Top of Records for processing
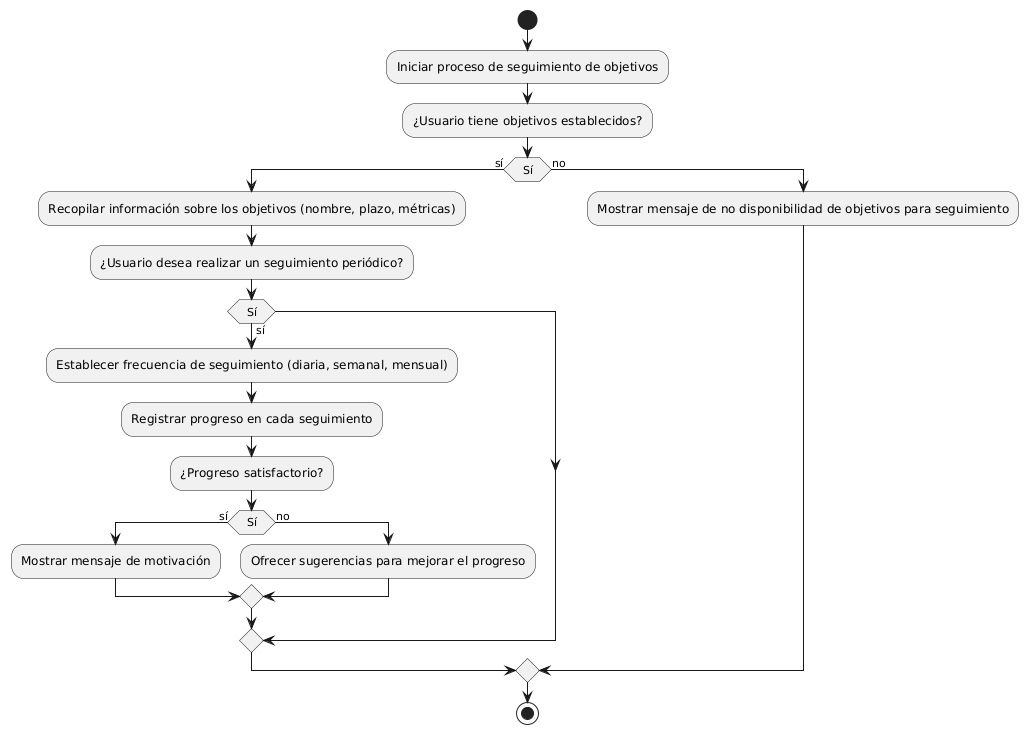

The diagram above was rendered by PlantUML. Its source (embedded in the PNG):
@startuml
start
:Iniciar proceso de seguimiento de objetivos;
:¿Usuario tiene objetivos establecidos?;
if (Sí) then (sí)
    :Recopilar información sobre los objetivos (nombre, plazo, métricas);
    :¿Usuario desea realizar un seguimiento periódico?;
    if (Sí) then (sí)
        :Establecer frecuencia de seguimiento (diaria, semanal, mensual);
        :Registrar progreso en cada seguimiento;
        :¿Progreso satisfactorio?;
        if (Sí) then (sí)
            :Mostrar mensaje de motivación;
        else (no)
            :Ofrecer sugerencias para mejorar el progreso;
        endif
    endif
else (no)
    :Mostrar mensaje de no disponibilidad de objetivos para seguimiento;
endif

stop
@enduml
Bottom of Records for processing
__What you will do__:
Out of the records above, pick each line that contains the string "mensaje".

__Response for this exercise__:
            :Mostrar mensaje de motivación;
    :Mostrar mensaje de no disponibilidad de objetivos para seguimiento;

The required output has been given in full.